How to Build a Linear Regression Model in Python Using Scikit-Learn

Nidhi Sharma
1d
2.1k
0
1

Article

Introduction

Linear Regression is one of the most fundamental machine learning algorithms used for predicting continuous values. It establishes a relationship between independent variables (features) and a dependent variable (target). In Python, Scikit-Learn provides a simple and efficient way to build and train a linear regression model.

This article explains how to build a linear regression model using Python and Scikit-Learn with step-by-step implementation, real-world examples, and best practices.

What is Linear Regression?

Linear Regression is a supervised learning algorithm that models the relationship between input variables (X) and output variable (y) using a straight line.

The equation of linear regression is:

y = mx + b

Where:

y = predicted value
x = input feature
m = slope (coefficient)
b = intercept

Why Use Linear Regression?

Linear regression is widely used because:

It is simple and easy to understand
It works well for linear relationships
It is computationally efficient
It provides interpretable results

Prerequisites

Before starting, make sure you have:

Python installed
Basic understanding of Python
Libraries: numpy, pandas, matplotlib, scikit-learn

Install required libraries:

pip install numpy pandas matplotlib scikit-learn

Step 1: Import Required Libraries

import numpy as np
import pandas as pd
import matplotlib.pyplot as plt
from sklearn.model_selection import train_test_split
from sklearn.linear_model import LinearRegression
from sklearn.metrics import mean_squared_error, r2_score

Step 2: Load Dataset

data = pd.read_csv("data.csv")

X = data[['Feature']]
y = data['Target']

Step 3: Split the Dataset

X_train, X_test, y_train, y_test = train_test_split(
    X, y, test_size=0.2, random_state=42
)

This step ensures that we train and test the model on different data.

Step 4: Create and Train the Model

model = LinearRegression()
model.fit(X_train, y_train)

The model learns the relationship between input and output.

Step 5: Make Predictions

y_pred = model.predict(X_test)

Step 6: Evaluate the Model

mse = mean_squared_error(y_test, y_pred)
r2 = r2_score(y_test, y_pred)

print("Mean Squared Error:", mse)
print("R2 Score:", r2)

Step 7: Visualize the Results

plt.scatter(X_test, y_test, color='blue')
plt.plot(X_test, y_pred, color='red')
plt.xlabel("Feature")
plt.ylabel("Target")
plt.title("Linear Regression Model")
plt.show()

Real-World Example

A common real-world example is predicting house prices based on area:

Input (X): Size of the house
Output (y): Price of the house

The model learns how price changes with size and predicts values for new houses.
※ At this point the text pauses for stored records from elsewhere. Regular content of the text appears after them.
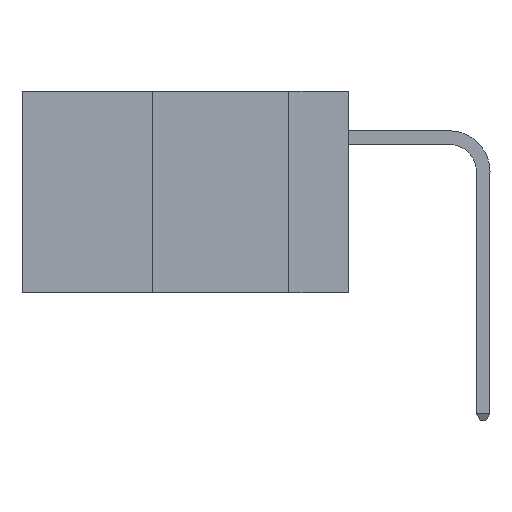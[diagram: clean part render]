
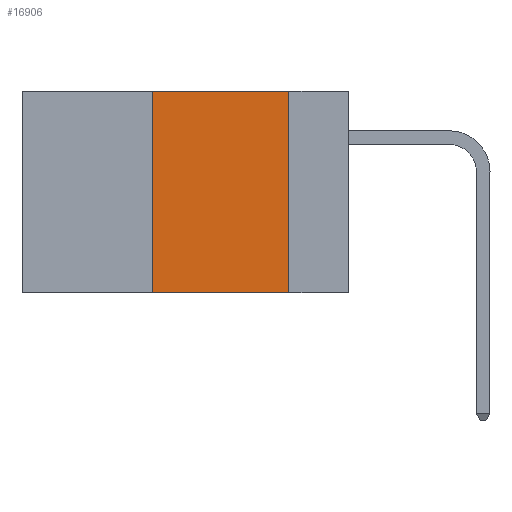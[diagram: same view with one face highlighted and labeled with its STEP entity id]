
A CAD part, left-side view. The second image highlights one B-rep face of the part: STEP entity #16906.
In plain terms, the highlighted planar face has unit normal (-1, 0, 0).
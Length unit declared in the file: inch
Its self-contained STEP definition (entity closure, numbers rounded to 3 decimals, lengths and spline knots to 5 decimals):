
#78 = PLANE ( 'NONE',  #12540 ) ;
#942 = EDGE_CURVE ( 'NONE', #12858, #15840, #12087, .T. ) ;
#1636 = EDGE_CURVE ( 'NONE', #20520, #10459, #11773, .T. ) ;
#1794 = CARTESIAN_POINT ( 'NONE',  ( 0., 0.36, 0. ) ) ;
#1896 = DIRECTION ( 'NONE',  ( 0., 0., -1. ) ) ;
#2220 = DIRECTION ( 'NONE',  ( 0., -1., 0. ) ) ;
#2478 = VECTOR ( 'NONE', #2220, 39.37008 ) ;
#3053 = ORIENTED_EDGE ( 'NONE', *, *, #20960, .F. ) ;
#3077 = ORIENTED_EDGE ( 'NONE', *, *, #942, .F. ) ;
#3169 = ORIENTED_EDGE ( 'NONE', *, *, #5954, .F. ) ;
#3407 = ORIENTED_EDGE ( 'NONE', *, *, #1636, .T. ) ;
#5701 = VECTOR ( 'NONE', #19491, 39.37008 ) ;
#5734 = CARTESIAN_POINT ( 'NONE',  ( 0., 0.6, -0.37 ) ) ;
#5807 = CARTESIAN_POINT ( 'NONE',  ( 0., 0.11, 0. ) ) ;
#5954 = EDGE_CURVE ( 'NONE', #20520, #12858, #6231, .T. ) ;
#6231 = LINE ( 'NONE', #16046, #5701 ) ;
#6835 = VECTOR ( 'NONE', #7614, 39.37008 ) ;
#7475 = VECTOR ( 'NONE', #17451, 39.37008 ) ;
#7614 = DIRECTION ( 'NONE',  ( 0., 0., -1. ) ) ;
#10459 = VERTEX_POINT ( 'NONE', #11929 ) ;
#10909 = LINE ( 'NONE', #17946, #6835 ) ;
#11773 = LINE ( 'NONE', #5734, #2478 ) ;
#11929 = CARTESIAN_POINT ( 'NONE',  ( 0., 0.11, -0.37 ) ) ;
#12087 = LINE ( 'NONE', #12267, #7475 ) ;
#12267 = CARTESIAN_POINT ( 'NONE',  ( 0., 0.6, 0. ) ) ;
#12378 = DIRECTION ( 'NONE',  ( 1., 0., 0. ) ) ;
#12540 = AXIS2_PLACEMENT_3D ( 'NONE', #14031, #12378, #1896 ) ;
#12858 = VERTEX_POINT ( 'NONE', #1794 ) ;
#13728 = CARTESIAN_POINT ( 'NONE',  ( 0., 0.36, -0.37 ) ) ;
#14031 = CARTESIAN_POINT ( 'NONE',  ( 0., 0.6, 0. ) ) ;
#15840 = VERTEX_POINT ( 'NONE', #5807 ) ;
#16046 = CARTESIAN_POINT ( 'NONE',  ( 0., 0.36, 0. ) ) ;
#16906 = ADVANCED_FACE ( 'NONE', ( #17269 ), #78, .F. ) ;
#17269 = FACE_OUTER_BOUND ( 'NONE', #19508, .T. ) ;
#17451 = DIRECTION ( 'NONE',  ( 0., -1., 0. ) ) ;
#17946 = CARTESIAN_POINT ( 'NONE',  ( 0., 0.11, 0. ) ) ;
#19491 = DIRECTION ( 'NONE',  ( 0., 0., 1. ) ) ;
#19508 = EDGE_LOOP ( 'NONE', ( #3053, #3077, #3169, #3407 ) ) ;
#20520 = VERTEX_POINT ( 'NONE', #13728 ) ;
#20960 = EDGE_CURVE ( 'NONE', #15840, #10459, #10909, .T. ) ;

Difference Between Linear Regression and Other Models

Feature	Linear Regression	Decision Tree
Model Type	Linear	Non-linear
Interpretability	High	Medium
Performance	Good for linear data	Better for complex data
Speed	Fast	Moderate

Best Practices

Normalize or scale data if needed
Remove outliers for better accuracy
Use multiple features for better predictions
Validate model using cross-validation

Common Mistakes

Using linear regression for non-linear data
Ignoring feature correlation
Not splitting data into train and test sets

Summary

Linear regression in Python using Scikit-Learn provides a simple and effective way to build predictive models for continuous data. By following a structured approach of loading data, splitting it, training the model, and evaluating performance, developers can quickly create reliable machine learning solutions. With proper data preprocessing and validation, linear regression becomes a powerful tool for solving real-world problems like price prediction, trend analysis, and forecasting.